8. De beroepen zijn, gelet op het voorgaande, kennelijk niet-ontvankelijk.
9. Voor een proceskostenveroordeling bestaat geen aanleiding.

Beslissing

De rechtbank verklaart de beroepen niet-ontvankelijk.
Deze uitspraak is gedaan door mr.
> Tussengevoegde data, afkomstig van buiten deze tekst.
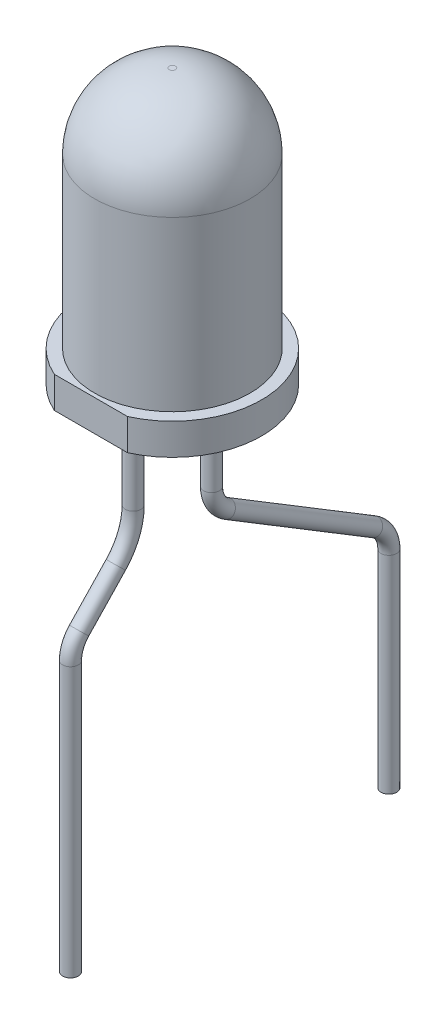
ISO-10303-21;
HEADER;
FILE_DESCRIPTION(('STEP AP214'),'2;1');
FILE_NAME('part.step','',(''),(''),'','','');
FILE_SCHEMA(('AUTOMOTIVE_DESIGN { 1 0 10303 214 1 1 1 1 }'));
ENDSEC;
DATA;
#1=APPLICATION_CONTEXT('core data for automotive mechanical design processes');
#2=APPLICATION_PROTOCOL_DEFINITION('international standard','automotive_design',2000,#1);
#3=PRODUCT_CONTEXT('',#1,'mechanical');
#4=PRODUCT('Part','Part','',(#3));
#5=PRODUCT_RELATED_PRODUCT_CATEGORY('part','',(#4));
#6=PRODUCT_DEFINITION_FORMATION('','',#4);
#7=PRODUCT_DEFINITION_CONTEXT('part definition',#1,'design');
#8=PRODUCT_DEFINITION('design','',#6,#7);
#9=PRODUCT_DEFINITION_SHAPE('','',#8);
#10=(LENGTH_UNIT() NAMED_UNIT(*) SI_UNIT(.MILLI.,.METRE.));
#11=(NAMED_UNIT(*) PLANE_ANGLE_UNIT() SI_UNIT($,.RADIAN.));
#12=(NAMED_UNIT(*) SI_UNIT($,.STERADIAN.) SOLID_ANGLE_UNIT());
#13=UNCERTAINTY_MEASURE_WITH_UNIT(LENGTH_MEASURE(1.E-05),#10,'distance_accuracy_value','');
#14=(GEOMETRIC_REPRESENTATION_CONTEXT(3) GLOBAL_UNCERTAINTY_ASSIGNED_CONTEXT((#13)) GLOBAL_UNIT_ASSIGNED_CONTEXT((#10,
#11,#12)) REPRESENTATION_CONTEXT('',''));
#15=CARTESIAN_POINT('',(0.,0.,0.));
#16=DIRECTION('',(0.,0.,1.));
#17=DIRECTION('',(1.,0.,0.));
#18=AXIS2_PLACEMENT_3D('',#15,#16,#17);
#19=CARTESIAN_POINT('',(0.,0.,0.));
#20=DIRECTION('',(0.,-1.,0.));
#21=DIRECTION('',(0.,0.,-1.));
#22=AXIS2_PLACEMENT_3D('',#19,#20,#21);
#23=PLANE('',#22);
#24=CARTESIAN_POINT('',(0.,0.,1.25));
#25=DIRECTION('',(0.,-1.,0.));
#26=DIRECTION('',(0.,0.,-1.));
#27=AXIS2_PLACEMENT_3D('',#24,#25,#26);
#28=CIRCLE('',#27,0.25);
#29=CARTESIAN_POINT('',(0.,0.,1.));
#30=VERTEX_POINT('',#29);
#31=EDGE_CURVE('E89',#30,#30,#28,.T.);
#32=ORIENTED_EDGE('',*,*,#31,.F.);
#33=EDGE_LOOP('',(#32));
#34=FACE_BOUND('',#33,.T.);
#35=CARTESIAN_POINT('',(0.,0.,-1.25));
#36=DIRECTION('',(0.,-1.,0.));
#37=DIRECTION('',(0.,0.,-1.));
#38=AXIS2_PLACEMENT_3D('',#35,#36,#37);
#39=CIRCLE('',#38,0.25);
#40=CARTESIAN_POINT('',(0.,0.,-1.5));
#41=VERTEX_POINT('',#40);
#42=EDGE_CURVE('E86',#41,#41,#39,.T.);
#43=ORIENTED_EDGE('',*,*,#42,.F.);
#44=EDGE_LOOP('',(#43));
#45=FACE_BOUND('',#44,.T.);
#46=DIRECTION('',(1.,0.,0.));
#47=VECTOR('',#46,1.);
#48=CARTESIAN_POINT('',(-1.16726175299288,0.,2.6));
#49=LINE('',#48,#47);
#50=CARTESIAN_POINT('',(-1.16726175299288,0.,2.6));
#51=VERTEX_POINT('',#50);
#52=CARTESIAN_POINT('',(1.16726175299288,0.,2.6));
#53=VERTEX_POINT('',#52);
#54=EDGE_CURVE('E66',#51,#53,#49,.T.);
#55=ORIENTED_EDGE('',*,*,#54,.F.);
#56=CARTESIAN_POINT('',(0.,0.,0.));
#57=DIRECTION('',(0.,-1.,0.));
#58=DIRECTION('',(0.,0.,-1.));
#59=AXIS2_PLACEMENT_3D('',#56,#57,#58);
#60=CIRCLE('',#59,2.85);
#61=EDGE_CURVE('E11',#51,#53,#60,.T.);
#62=ORIENTED_EDGE('',*,*,#61,.T.);
#63=EDGE_LOOP('',(#55,#62));
#64=FACE_BOUND('',#63,.T.);
#65=ADVANCED_FACE('F37',(#34,#45,#64),#23,.T.);
#66=CARTESIAN_POINT('',(0.,0.,0.));
#67=DIRECTION('',(0.,-1.,0.));
#68=DIRECTION('',(0.,0.,-1.));
#69=AXIS2_PLACEMENT_3D('',#66,#67,#68);
#70=CYLINDRICAL_SURFACE('',#69,2.85);
#71=DIRECTION('',(0.,-1.,0.));
#72=VECTOR('',#71,1.);
#73=CARTESIAN_POINT('',(1.16726175299288,3.34787137637478,2.6));
#74=LINE('',#73,#72);
#75=CARTESIAN_POINT('',(1.16726175299288,1.,2.6));
#76=VERTEX_POINT('',#75);
#77=EDGE_CURVE('E51',#76,#53,#74,.T.);
#78=ORIENTED_EDGE('',*,*,#77,.T.);
#79=ORIENTED_EDGE('',*,*,#61,.F.);
#80=DIRECTION('',(0.,-1.,0.));
#81=VECTOR('',#80,1.);
#82=CARTESIAN_POINT('',(-1.16726175299288,3.34787137637478,2.6));
#83=LINE('',#82,#81);
#84=CARTESIAN_POINT('',(-1.16726175299288,1.,2.6));
#85=VERTEX_POINT('',#84);
#86=EDGE_CURVE('E57',#85,#51,#83,.T.);
#87=ORIENTED_EDGE('',*,*,#86,.F.);
#88=CARTESIAN_POINT('',(0.,1.,0.));
#89=DIRECTION('',(0.,-1.,0.));
#90=DIRECTION('',(0.,0.,-1.));
#91=AXIS2_PLACEMENT_3D('',#88,#89,#90);
#92=CIRCLE('',#91,2.85);
#93=EDGE_CURVE('E44',#85,#76,#92,.T.);
#94=ORIENTED_EDGE('',*,*,#93,.T.);
#95=EDGE_LOOP('',(#78,#79,#87,#94));
#96=FACE_BOUND('',#95,.T.);
#97=ADVANCED_FACE('F70',(#96),#70,.T.);
#98=CARTESIAN_POINT('',(2.85,1.,0.));
#99=DIRECTION('',(0.,1.,0.));
#100=DIRECTION('',(0.,0.,1.));
#101=AXIS2_PLACEMENT_3D('',#98,#99,#100);
#102=PLANE('',#101);
#103=DIRECTION('',(1.,0.,0.));
#104=VECTOR('',#103,1.);
#105=CARTESIAN_POINT('',(-1.16726175299288,1.,2.6));
#106=LINE('',#105,#104);
#107=EDGE_CURVE('E61',#85,#76,#106,.T.);
#108=ORIENTED_EDGE('',*,*,#107,.T.);
#109=ORIENTED_EDGE('',*,*,#93,.F.);
#110=EDGE_LOOP('',(#108,#109));
#111=FACE_BOUND('',#110,.T.);
#112=CARTESIAN_POINT('',(0.,1.,0.));
#113=DIRECTION('',(0.,-1.,0.));
#114=DIRECTION('',(0.,0.,-1.));
#115=AXIS2_PLACEMENT_3D('',#112,#113,#114);
#116=CIRCLE('',#115,2.48);
#117=CARTESIAN_POINT('',(0.,1.,-2.48));
#118=VERTEX_POINT('',#117);
#119=EDGE_CURVE('E75',#118,#118,#116,.T.);
#120=ORIENTED_EDGE('',*,*,#119,.T.);
#121=EDGE_LOOP('',(#120));
#122=FACE_BOUND('',#121,.T.);
#123=ADVANCED_FACE('F73',(#111,#122),#102,.T.);
#124=CARTESIAN_POINT('',(0.,0.,0.));
#125=DIRECTION('',(0.,-1.,0.));
#126=DIRECTION('',(0.,0.,-1.));
#127=AXIS2_PLACEMENT_3D('',#124,#125,#126);
#128=CYLINDRICAL_SURFACE('',#127,2.48);
#129=CARTESIAN_POINT('',(0.,6.37,0.));
#130=DIRECTION('',(0.,-1.,0.));
#131=DIRECTION('',(0.,0.,-1.));
#132=AXIS2_PLACEMENT_3D('',#129,#130,#131);
#133=CIRCLE('',#132,2.48);
#134=CARTESIAN_POINT('',(0.,6.37,-2.48));
#135=VERTEX_POINT('',#134);
#136=EDGE_CURVE('E77',#135,#135,#133,.T.);
#137=ORIENTED_EDGE('',*,*,#136,.T.);
#138=EDGE_LOOP('',(#137));
#139=FACE_BOUND('',#138,.T.);
#140=ORIENTED_EDGE('',*,*,#119,.F.);
#141=EDGE_LOOP('',(#140));
#142=FACE_BOUND('',#141,.T.);
#143=ADVANCED_FACE('F294',(#139,#142),#128,.T.);
#144=CARTESIAN_POINT('',(0.,6.37,0.));
#145=DIRECTION('',(0.,-1.,0.));
#146=DIRECTION('',(0.,0.,-1.));
#147=AXIS2_PLACEMENT_3D('',#144,#145,#146);
#148=DEGENERATE_TOROIDAL_SURFACE('',#147,0.1,2.38,.T.);
#149=CARTESIAN_POINT('',(0.,8.75,0.));
#150=DIRECTION('',(0.,-1.,0.));
#151=DIRECTION('',(0.,0.,-1.));
#152=AXIS2_PLACEMENT_3D('',#149,#150,#151);
#153=CIRCLE('',#152,0.1);
#154=CARTESIAN_POINT('',(0.,8.75,-0.1));
#155=VERTEX_POINT('',#154);
#156=EDGE_CURVE('E71',#155,#155,#153,.T.);
#157=ORIENTED_EDGE('',*,*,#156,.T.);
#158=EDGE_LOOP('',(#157));
#159=FACE_BOUND('',#158,.T.);
#160=ORIENTED_EDGE('',*,*,#136,.F.);
#161=EDGE_LOOP('',(#160));
#162=FACE_BOUND('',#161,.T.);
#163=ADVANCED_FACE('F308',(#159,#162),#148,.T.);
#164=CARTESIAN_POINT('',(0.,8.75,0.));
#165=DIRECTION('',(0.,1.,0.));
#166=DIRECTION('',(0.,0.,1.));
#167=AXIS2_PLACEMENT_3D('',#164,#165,#166);
#168=PLANE('',#167);
#169=ORIENTED_EDGE('',*,*,#156,.F.);
#170=EDGE_LOOP('',(#169));
#171=FACE_BOUND('',#170,.T.);
#172=ADVANCED_FACE('F138',(#171),#168,.T.);
#173=CARTESIAN_POINT('',(-1.16726175299288,3.34787137637478,2.6));
#174=DIRECTION('',(0.,0.,-1.));
#175=DIRECTION('',(-1.,0.,0.));
#176=AXIS2_PLACEMENT_3D('',#173,#174,#175);
#177=PLANE('',#176);
#178=ORIENTED_EDGE('',*,*,#86,.T.);
#179=ORIENTED_EDGE('',*,*,#54,.T.);
#180=ORIENTED_EDGE('',*,*,#77,.F.);
#181=ORIENTED_EDGE('',*,*,#107,.F.);
#182=EDGE_LOOP('',(#178,#179,#180,#181));
#183=FACE_BOUND('',#182,.T.);
#184=ADVANCED_FACE('F62',(#183),#177,.F.);
#185=CARTESIAN_POINT('',(0.,-2.,-1.25));
#186=DIRECTION('',(0.,1.,0.));
#187=DIRECTION('',(0.,0.,1.));
#188=AXIS2_PLACEMENT_3D('',#185,#186,#187);
#189=CYLINDRICAL_SURFACE('',#188,0.25);
#190=ORIENTED_EDGE('',*,*,#42,.T.);
#191=EDGE_LOOP('',(#190));
#192=FACE_BOUND('',#191,.T.);
#193=CARTESIAN_POINT('',(0.,-3.43733882567167,-1.25));
#194=DIRECTION('',(0.,-1.,0.));
#195=DIRECTION('',(0.,0.,-1.));
#196=AXIS2_PLACEMENT_3D('',#193,#194,#195);
#197=CIRCLE('',#196,0.25);
#198=CARTESIAN_POINT('',(0.,-3.43733882567167,-1.));
#199=VERTEX_POINT('',#198);
#200=EDGE_CURVE('E119',#199,#199,#197,.T.);
#201=ORIENTED_EDGE('',*,*,#200,.F.);
#202=EDGE_LOOP('',(#201));
#203=FACE_BOUND('',#202,.T.);
#204=ADVANCED_FACE('F125',(#192,#203),#189,.T.);
#205=CARTESIAN_POINT('',(0.,-2.,1.25));
#206=DIRECTION('',(0.,1.,0.));
#207=DIRECTION('',(0.,0.,1.));
#208=AXIS2_PLACEMENT_3D('',#205,#206,#207);
#209=CYLINDRICAL_SURFACE('',#208,0.25);
#210=ORIENTED_EDGE('',*,*,#31,.T.);
#211=EDGE_LOOP('',(#210));
#212=FACE_BOUND('',#211,.T.);
#213=CARTESIAN_POINT('',(0.,-2.7,1.25));
#214=DIRECTION('',(0.,-1.,0.));
#215=DIRECTION('',(0.,0.,-1.));
#216=AXIS2_PLACEMENT_3D('',#213,#214,#215);
#217=CIRCLE('',#216,0.25);
#218=CARTESIAN_POINT('',(0.,-2.7,1.));
#219=VERTEX_POINT('',#218);
#220=EDGE_CURVE('E104',#219,#219,#217,.T.);
#221=ORIENTED_EDGE('',*,*,#220,.F.);
#222=EDGE_LOOP('',(#221));
#223=FACE_BOUND('',#222,.T.);
#224=ADVANCED_FACE('F127',(#212,#223),#209,.T.);
#225=CARTESIAN_POINT('',(0.,-14.6,3.25));
#226=DIRECTION('',(0.,-1.,0.));
#227=DIRECTION('',(0.,0.,-1.));
#228=AXIS2_PLACEMENT_3D('',#225,#226,#227);
#229=PLANE('',#228);
#230=CARTESIAN_POINT('',(0.,-14.6,3.25));
#231=DIRECTION('',(0.,-1.,0.));
#232=DIRECTION('',(0.,0.,-1.));
#233=AXIS2_PLACEMENT_3D('',#230,#231,#232);
#234=CIRCLE('',#233,0.25);
#235=CARTESIAN_POINT('',(0.,-14.6,3.));
#236=VERTEX_POINT('',#235);
#237=EDGE_CURVE('E92',#236,#236,#234,.T.);
#238=ORIENTED_EDGE('',*,*,#237,.T.);
#239=EDGE_LOOP('',(#238));
#240=FACE_BOUND('',#239,.T.);
#241=ADVANCED_FACE('F134',(#240),#229,.T.);
#242=CARTESIAN_POINT('',(0.,-2.7,3.25));
#243=DIRECTION('',(-1.,0.,0.));
#244=DIRECTION('',(0.,0.,1.));
#245=AXIS2_PLACEMENT_3D('',#242,#243,#244);
#246=TOROIDAL_SURFACE('',#245,2.,0.25);
#247=CARTESIAN_POINT('',(0.,-4.07931034482759,1.80172413793103));
#248=DIRECTION('',(0.,-0.724137931034485,0.689655172413791));
#249=DIRECTION('',(0.,-0.689655172413791,-0.724137931034485));
#250=AXIS2_PLACEMENT_3D('',#247,#248,#249);
#251=CIRCLE('',#250,0.25);
#252=CARTESIAN_POINT('',(0.,-4.25172413793103,1.62068965517241));
#253=VERTEX_POINT('',#252);
#254=EDGE_CURVE('E101',#253,#253,#251,.T.);
#255=CARTESIAN_POINT('',(0.,-2.7,3.25));
#256=DIRECTION('',(-1.,0.,0.));
#257=DIRECTION('',(0.,0.,1.));
#258=AXIS2_PLACEMENT_3D('',#255,#256,#257);
#259=CIRCLE('',#258,2.25);
#260=EDGE_CURVE('',#219,#253,#259,.T.);
#261=ORIENTED_EDGE('',*,*,#220,.T.);
#262=ORIENTED_EDGE('',*,*,#254,.F.);
#263=ORIENTED_EDGE('',*,*,#260,.T.);
#264=ORIENTED_EDGE('',*,*,#260,.F.);
#265=EDGE_LOOP('',(#261,#263,#262,#264));
#266=FACE_BOUND('',#265,.T.);
#267=ADVANCED_FACE('F152',(#266),#246,.T.);
#268=CARTESIAN_POINT('',(0.,-4.07931034482759,1.80172413793103));
#269=DIRECTION('',(0.,-0.724137931034485,0.689655172413791));
#270=DIRECTION('',(0.,-0.689655172413791,-0.724137931034485));
#271=AXIS2_PLACEMENT_3D('',#268,#269,#270);
#272=CYLINDRICAL_SURFACE('',#271,0.25);
#273=CARTESIAN_POINT('',(0.,-5.31034482758622,2.97413793103448));
#274=DIRECTION('',(0.,-0.724137931034485,0.689655172413791));
#275=DIRECTION('',(0.,-0.689655172413791,-0.724137931034485));
#276=AXIS2_PLACEMENT_3D('',#273,#274,#275);
#277=CIRCLE('',#276,0.25);
#278=CARTESIAN_POINT('',(0.,-5.13793103448277,3.1551724137931));
#279=VERTEX_POINT('',#278);
#280=EDGE_CURVE('E98',#279,#279,#277,.T.);
#281=ORIENTED_EDGE('',*,*,#280,.F.);
#282=EDGE_LOOP('',(#281));
#283=FACE_BOUND('',#282,.T.);
#284=ORIENTED_EDGE('',*,*,#254,.T.);
#285=EDGE_LOOP('',(#284));
#286=FACE_BOUND('',#285,.T.);
#287=ADVANCED_FACE('F154',(#283,#286),#272,.T.);
#288=CARTESIAN_POINT('',(0.,-6.00000000000001,2.25));
#289=DIRECTION('',(1.,0.,0.));
#290=DIRECTION('',(0.,0.,-1.));
#291=AXIS2_PLACEMENT_3D('',#288,#289,#290);
#292=TOROIDAL_SURFACE('',#291,0.999999999999997,0.25);
#293=CARTESIAN_POINT('',(0.,-6.00000000000001,3.25));
#294=DIRECTION('',(0.,-1.,0.));
#295=DIRECTION('',(0.,0.,-1.));
#296=AXIS2_PLACEMENT_3D('',#293,#294,#295);
#297=CIRCLE('',#296,0.25);
#298=CARTESIAN_POINT('',(0.,-6.00000000000001,3.5));
#299=VERTEX_POINT('',#298);
#300=EDGE_CURVE('E95',#299,#299,#297,.T.);
#301=CARTESIAN_POINT('',(0.,-6.00000000000001,2.25));
#302=DIRECTION('',(1.,0.,0.));
#303=DIRECTION('',(0.,0.,-1.));
#304=AXIS2_PLACEMENT_3D('',#301,#302,#303);
#305=CIRCLE('',#304,1.25);
#306=EDGE_CURVE('',#279,#299,#305,.T.);
#307=ORIENTED_EDGE('',*,*,#280,.T.);
#308=ORIENTED_EDGE('',*,*,#300,.F.);
#309=ORIENTED_EDGE('',*,*,#306,.T.);
#310=ORIENTED_EDGE('',*,*,#306,.F.);
#311=EDGE_LOOP('',(#307,#309,#308,#310));
#312=FACE_BOUND('',#311,.T.);
#313=ADVANCED_FACE('F161',(#312),#292,.T.);
#314=CARTESIAN_POINT('',(0.,-6.00000000000001,3.25));
#315=DIRECTION('',(0.,-1.,0.));
#316=DIRECTION('',(0.,0.,-1.));
#317=AXIS2_PLACEMENT_3D('',#314,#315,#316);
#318=CYLINDRICAL_SURFACE('',#317,0.25);
#319=ORIENTED_EDGE('',*,*,#237,.F.);
#320=EDGE_LOOP('',(#319));
#321=FACE_BOUND('',#320,.T.);
#322=ORIENTED_EDGE('',*,*,#300,.T.);
#323=EDGE_LOOP('',(#322));
#324=FACE_BOUND('',#323,.T.);
#325=ADVANCED_FACE('F137',(#321,#324),#318,.T.);
#326=CARTESIAN_POINT('',(0.,-14.6,-6.91));
#327=DIRECTION('',(0.,-1.,0.));
#328=DIRECTION('',(0.,0.,-1.));
#329=AXIS2_PLACEMENT_3D('',#326,#327,#328);
#330=PLANE('',#329);
#331=CARTESIAN_POINT('',(0.,-14.6,-6.91));
#332=DIRECTION('',(0.,-1.,0.));
#333=DIRECTION('',(0.,0.,-1.));
#334=AXIS2_PLACEMENT_3D('',#331,#332,#333);
#335=CIRCLE('',#334,0.25);
#336=CARTESIAN_POINT('',(0.,-14.6,-7.16));
#337=VERTEX_POINT('',#336);
#338=EDGE_CURVE('E107',#337,#337,#335,.T.);
#339=ORIENTED_EDGE('',*,*,#338,.T.);
#340=EDGE_LOOP('',(#339));
#341=FACE_BOUND('',#340,.T.);
#342=ADVANCED_FACE('F169',(#341),#330,.T.);
#343=CARTESIAN_POINT('',(0.,-3.43733882567167,-2.25));
#344=DIRECTION('',(1.,0.,0.));
#345=DIRECTION('',(0.,0.,-1.));
#346=AXIS2_PLACEMENT_3D('',#343,#344,#345);
#347=TOROIDAL_SURFACE('',#346,0.999999999999998,0.25);
#348=CARTESIAN_POINT('',(0.,-4.29206535593698,-1.73092143324866));
#349=DIRECTION('',(0.,-0.519078566751339,-0.85472653026531));
#350=DIRECTION('',(0.,0.85472653026531,-0.519078566751339));
#351=AXIS2_PLACEMENT_3D('',#348,#349,#350);
#352=CIRCLE('',#351,0.25);
#353=CARTESIAN_POINT('',(0.,-4.5057469885033,-1.60115179156083));
#354=VERTEX_POINT('',#353);
#355=EDGE_CURVE('E116',#354,#354,#352,.T.);
#356=CARTESIAN_POINT('',(0.,-3.43733882567167,-2.25));
#357=DIRECTION('',(1.,0.,0.));
#358=DIRECTION('',(0.,0.,-1.));
#359=AXIS2_PLACEMENT_3D('',#356,#357,#358);
#360=CIRCLE('',#359,1.25);
#361=EDGE_CURVE('',#199,#354,#360,.T.);
#362=ORIENTED_EDGE('',*,*,#200,.T.);
#363=ORIENTED_EDGE('',*,*,#355,.F.);
#364=ORIENTED_EDGE('',*,*,#361,.T.);
#365=ORIENTED_EDGE('',*,*,#361,.F.);
#366=EDGE_LOOP('',(#362,#364,#363,#365));
#367=FACE_BOUND('',#366,.T.);
#368=ADVANCED_FACE('F123',(#367),#347,.T.);
#369=CARTESIAN_POINT('',(0.,-4.29206535593698,-1.73092143324866));
#370=DIRECTION('',(0.,-0.519078566751339,-0.85472653026531));
#371=DIRECTION('',(0.,0.85472653026531,-0.519078566751339));
#372=AXIS2_PLACEMENT_3D('',#369,#370,#371);
#373=CYLINDRICAL_SURFACE('',#372,0.25);
#374=CARTESIAN_POINT('',(0.,-7.14527346973469,-6.42907856675134));
#375=DIRECTION('',(0.,-0.519078566751339,-0.85472653026531));
#376=DIRECTION('',(0.,0.85472653026531,-0.519078566751339));
#377=AXIS2_PLACEMENT_3D('',#374,#375,#376);
#378=CIRCLE('',#377,0.25);
#379=CARTESIAN_POINT('',(0.,-6.93159183716836,-6.55884820843917));
#380=VERTEX_POINT('',#379);
#381=EDGE_CURVE('E113',#380,#380,#378,.T.);
#382=ORIENTED_EDGE('',*,*,#381,.F.);
#383=EDGE_LOOP('',(#382));
#384=FACE_BOUND('',#383,.T.);
#385=ORIENTED_EDGE('',*,*,#355,.T.);
#386=EDGE_LOOP('',(#385));
#387=FACE_BOUND('',#386,.T.);
#388=ADVANCED_FACE('F190',(#384,#387),#373,.T.);
#389=CARTESIAN_POINT('',(0.,-8.,-5.91));
#390=DIRECTION('',(-1.,0.,0.));
#391=DIRECTION('',(0.,0.,1.));
#392=AXIS2_PLACEMENT_3D('',#389,#390,#391);
#393=TOROIDAL_SURFACE('',#392,0.999999999999999,0.25);
#394=CARTESIAN_POINT('',(0.,-8.,-6.91));
#395=DIRECTION('',(0.,-1.,0.));
#396=DIRECTION('',(0.,0.,-1.));
#397=AXIS2_PLACEMENT_3D('',#394,#395,#396);
#398=CIRCLE('',#397,0.25);
#399=CARTESIAN_POINT('',(0.,-8.,-7.16));
#400=VERTEX_POINT('',#399);
#401=EDGE_CURVE('E110',#400,#400,#398,.T.);
#402=CARTESIAN_POINT('',(0.,-8.,-5.91));
#403=DIRECTION('',(-1.,0.,0.));
#404=DIRECTION('',(0.,0.,1.));
#405=AXIS2_PLACEMENT_3D('',#402,#403,#404);
#406=CIRCLE('',#405,1.25);
#407=EDGE_CURVE('',#380,#400,#406,.T.);
#408=ORIENTED_EDGE('',*,*,#381,.T.);
#409=ORIENTED_EDGE('',*,*,#401,.F.);
#410=ORIENTED_EDGE('',*,*,#407,.T.);
#411=ORIENTED_EDGE('',*,*,#407,.F.);
#412=EDGE_LOOP('',(#408,#410,#409,#411));
#413=FACE_BOUND('',#412,.T.);
#414=ADVANCED_FACE('F197',(#413),#393,.T.);
#415=CARTESIAN_POINT('',(0.,-8.,-6.91));
#416=DIRECTION('',(0.,-1.,0.));
#417=DIRECTION('',(0.,0.,-1.));
#418=AXIS2_PLACEMENT_3D('',#415,#416,#417);
#419=CYLINDRICAL_SURFACE('',#418,0.25);
#420=ORIENTED_EDGE('',*,*,#338,.F.);
#421=EDGE_LOOP('',(#420));
#422=FACE_BOUND('',#421,.T.);
#423=ORIENTED_EDGE('',*,*,#401,.T.);
#424=EDGE_LOOP('',(#423));
#425=FACE_BOUND('',#424,.T.);
#426=ADVANCED_FACE('F166',(#422,#425),#419,.T.);
#427=CLOSED_SHELL('',(#65,#97,#123,#143,#163,#172,#184,#204,#224,#241,#267,#287,#313,#325,#342,
#368,#388,#414,#426));
#428=MANIFOLD_SOLID_BREP('B2',#427);
#429=ADVANCED_BREP_SHAPE_REPRESENTATION('',(#18,#428),#14);
#430=SHAPE_DEFINITION_REPRESENTATION(#9,#429);
ENDSEC;
END-ISO-10303-21;

C.H. de Groot, rechter, in aanwezigheid van F.Q. Peters, griffier en openbaar gemaakt door middel van geanonimiseerde publicatie op rechtspraak.nl.
griffier
rechter
Een afschrift van deze uitspraak is verzonden aan partijen op:

Bent u het niet eens met deze uitspraak?

Als u het niet eens bent met deze uitspraak, kunt u een brief sturen naar de rechtbank waarin u uitlegt waarom u het er niet mee eens bent. Dit heet een verzetschrift. U moet dit verzetschrift indienen binnen 6 weken na de dag waarop deze uitspraak is verzonden. U ziet deze datum hierboven. Als u graag een zitting wilt waarin u uw verzetschrift kunt toelichten, kunt u dit in uw verzetschrift vermelden.